Thanks for all the great replys and tips everyone. I actually already had D* setup the 5lnb at my house for free. Problem is I need one for a cabin that I occasionally take one of my H20s to when I go there. Already have a 3 lnb dish that I aligned so this will replace that. Thanks again.


----------



## B Newt (Aug 12, 2007)

techrep said:


> OT
> Nice avitar, where I have I seen that before?


The cat is ready for the cable guy.:hurah:


----------



## techrep (Sep 15, 2007)

B Newt said:


> The cat is ready for the cable guy.:hurah:


"Hey Charlie, what's that red dot on your chest?" !rolling !rolling !rolling


----------



## TheRatPatrol (Oct 1, 2003)

I got 2 Slimelines and back assembly's off of Ebay for 89.00. But be careful if you order off of Ebay, some people don't include the back assembly's, which is required in order to put the dish up.

As far as installation goes, it was not hard at all to put this dish up and aim it. But make sure that the dish is plumb, and have a friend around to give you a hand. And D* didn't have any issues with me installing everything myself.


----------



## Ken S (Feb 13, 2007)

Call DirecTV and schedule an install. it will probably be a month out. Three days later call the automated line and re-schedule the install for something in the next week or so (sometimes their online service even works...but rarely) to allow the change.
When the installer comes ask him/her to just leave the dish and receiver...since you want to do the install. if you sign the paper-work they will probably be delighted.


----------



## Dazed & Confused (Jun 13, 2007)

Whenever I see one of these threads I generally just shake my head and move on. I guess I just felt compelled to chime in on this one.

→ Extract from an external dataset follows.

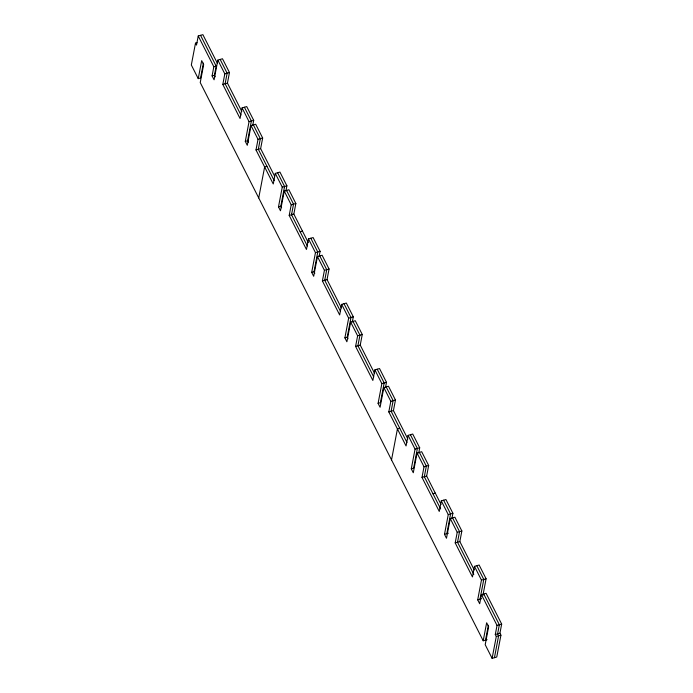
<?xml version="1.0" encoding="UTF-8"?>
<svg xmlns="http://www.w3.org/2000/svg" width="693" height="693" viewBox="0 0 693 693"><rect width="100%" height="100%" fill="white"/><g stroke="black" fill="none" stroke-linecap="round" stroke-linejoin="round"><path stroke-width="1.04" d="M307.346 245.98L291.519 214.761L291.71 213.782M197.037 42.706L195.495 43.148L191.329 64.986L198.241 78.63L200.563 77.971L203.395 63.132M217.498 63.505L202.876 34.65L198.233 35.984L196.491 45.114L195.495 43.148M198.241 78.63L201.68 60.62L203.673 64.553L200.234 82.562L483.212 640.774L487.075 639.665M241.831 111.495L227.443 83.117L229.461 72.514L222.488 58.766L217.845 60.1L214.085 79.825L212.093 75.892L213.834 66.762L198.233 35.984M215.211 76.802L214.414 75.225L216.155 66.095L200.554 35.317M252.711 125.52L253.699 120.331L246.725 106.575L242.082 107.909L240.064 118.503L222.799 84.442L224.818 73.848L217.845 60.1M274.549 176.039L260.637 148.605L262.664 138.011L255.691 124.255L251.048 125.589L247.288 145.313L245.296 141.381L249.056 121.656L242.082 107.909M248.415 142.29L247.618 140.722L251.377 120.998L244.404 107.242M285.906 191.008L286.902 185.819L279.929 172.063L275.286 173.397L273.259 183.992L256.003 149.939L258.021 139.345L251.048 125.589M258.723 197.938L264.631 166.97L266.952 166.303M308.229 242.481L293.841 214.102L295.859 203.499L288.886 189.752L284.251 191.077L280.483 210.802L278.491 206.878L282.259 187.153L275.286 173.397M281.609 207.779L280.812 206.211L284.58 186.486L277.607 172.73M319.109 256.505L320.097 251.316L313.123 237.56L308.48 238.894L306.462 249.489L289.198 215.428L291.216 204.833L284.251 191.077M289.198 215.428L291.519 214.761L293.537 204.166L286.573 190.419M341.424 307.969L327.044 279.591L329.062 268.997L322.089 255.241L317.446 256.575L313.686 276.299L311.694 272.366L315.454 252.642L308.48 238.894M314.813 273.276L314.016 271.699L317.775 251.975L310.802 238.227M352.313 321.994L353.3 316.805L346.327 303.049L341.684 304.383L339.665 314.977L322.401 280.925L324.419 270.331L317.446 256.575M374.627 373.466L360.239 345.088L362.266 334.485L355.292 320.738L350.649 322.063L346.89 341.788L344.897 337.863L348.657 318.139L341.684 304.383M348.016 338.764L347.21 337.196L350.979 317.472L344.005 303.716M385.507 387.491L386.495 382.302L379.53 368.546L374.887 369.871L372.86 380.474L355.596 346.413L357.623 335.819L350.649 322.063M407.83 438.955L393.442 410.577L395.46 399.982L388.487 386.226L383.844 387.56L380.085 407.285L378.092 403.352L381.86 383.627L374.887 369.871M418.711 452.979L419.698 447.791L412.725 434.035L408.082 435.369L406.063 445.963L388.799 411.911L390.817 401.316L383.844 387.56M391.519 459.909L397.427 428.932L399.748 428.265M441.025 504.452L426.645 476.065L428.664 465.471L421.69 451.723L417.047 453.049L413.288 472.773L411.296 468.849L415.055 449.125L408.082 435.369M451.905 518.477L452.901 513.279L445.928 499.532L441.285 500.857L439.267 511.46L422.002 477.399L424.021 466.805L417.047 453.049M474.229 569.941L459.84 541.562L461.859 530.968L454.894 517.212L450.251 518.546L446.483 538.27L444.49 534.338L448.258 514.613L441.285 500.857M446.812 533.671L450.58 513.946L443.607 500.199M482.934 595.382L486.096 578.776L479.123 565.02L474.488 566.354L472.461 576.948L455.197 542.896L457.224 532.302L450.251 518.546M483.212 640.774L486.651 622.764L488.643 626.697L485.204 644.707L492.117 658.35L496.76 657.016L500.926 635.178L499.93 633.211L501.671 624.081L486.07 593.303L481.427 594.629L479.686 603.759L477.694 599.835L481.453 580.11L474.488 566.354M480.015 599.168L483.775 579.443L476.81 565.687M485.533 640.107L488.357 625.277M492.117 658.35L496.283 636.503L495.287 634.545L497.028 625.415L481.427 594.629M494.438 657.683L498.605 635.836L497.609 633.878L499.35 624.748L483.749 593.97M213.834 66.762L216.155 66.095M212.093 75.892L214.414 75.225M224.818 73.848L229.461 72.514M222.799 84.442L227.443 83.117M249.056 121.656L253.699 120.331M245.296 141.381L247.618 140.722M258.021 139.345L262.664 138.011M256.003 149.939L260.637 148.605M282.259 187.153L286.902 185.819M278.491 206.878L280.812 206.211M295.859 203.499L291.216 204.833M291.519 214.761L293.841 214.102M300.156 231.791L302.477 231.124M315.454 252.642L320.097 251.316M311.694 272.366L314.016 271.699M324.419 270.331L329.062 268.997M322.401 280.925L327.044 279.591M348.657 318.139L353.3 316.805M344.897 337.863L347.21 337.196M357.623 335.819L362.266 334.485M355.596 346.413L360.239 345.088M381.86 383.627L386.495 382.302M378.092 403.352L380.414 402.685L384.173 382.96L377.209 369.213M390.817 401.316L395.46 399.982M388.799 411.911L393.442 410.577M419.698 447.791L415.055 449.125M428.664 465.471L424.021 466.805M426.645 476.065L422.002 477.399M432.952 493.762L435.273 493.095M448.258 514.613L452.901 513.279M444.49 534.338L448.362 533.229M457.224 532.302L461.859 530.968M455.197 542.896L459.84 541.562M481.453 580.11L486.096 578.776M477.694 599.835L481.566 598.717M497.028 625.415L501.671 624.081M495.287 634.545L499.93 633.211M496.283 636.503L500.926 635.178M411.296 468.849L413.617 468.182L417.377 448.458L410.403 434.702M220.166 59.433L227.139 73.181L225.121 83.784L240.947 114.995M253.369 124.922L260.343 138.678L258.316 149.272L274.142 180.492M319.768 255.908L326.741 269.664L324.722 280.258L340.549 311.478M352.971 321.396L359.944 335.152L357.917 345.746L373.744 376.966M386.166 386.893L393.139 400.649L391.121 411.244L406.947 442.463M419.369 452.382L426.342 466.138L424.324 476.732L440.627 508.896M452.572 517.879L459.546 531.635L457.519 542.229L473.821 574.393"/></g></svg>

I know that installing your own dish is a macho thing to do, but seriously.... Why anyone would want to go out and buy all the equipment, climb around on their roof or whatever, and work in a simmering attic when all you have to do is pick up the phone to get someone to do it all for free is incomprehensible to me. I am a pathological do-it-yourselfer, but for things that actually save me some money.

The worst part is if you screw up the installation, you can't come on this forum and whine about it.:lol: Nor can you call up D* to demand your free Lexus because the installer was an hour late.


----------



## mdernst (Dec 24, 2005)

I also recommend Solid Signal - I've purchased many items from them over the years including my Slimline & Multiswitch which I installed myself.

One thing to remember about the Slimline that Solidsignal.com sells - it does not come with the monopole supports that are highly recommended when installing this heavier, higher wind loaded dish. I bought the 2 monopoles off of Ebay.

Mike


----------



## Schyler (Sep 8, 2006)

I bought my AT-9 from a local DirecTV installer.


----------



## TheRatPatrol (Oct 1, 2003)

Dazed & Confused said:


> Whenever I see one of these threads I generally just shake my head and move on. I guess I just felt compelled to chime in on this one.
> 
> I know that installing your own dish is a macho thing to do, but seriously.... Why anyone would want to go out and buy all the equipment, climb around on their roof or whatever, and work in a simmering attic when all you have to do is pick up the phone to get someone to do it all for free is incomprehensible to me. I am a pathological do-it-yourselfer, but for things that actually save me some money.
> 
> The worst part is if you screw up the installation, you can't come on this forum and whine about it.:lol: Nor can you call up D* to demand your free Lexus because the installer was an hour late.


I didn't have to climb on the roof or in an attic, everything was already set up, just a simple swap of cable between the 2 dishes. 

I agree with you're saying though. For those that don't have a clue as how to put one of these up, then they should call D* and have it done.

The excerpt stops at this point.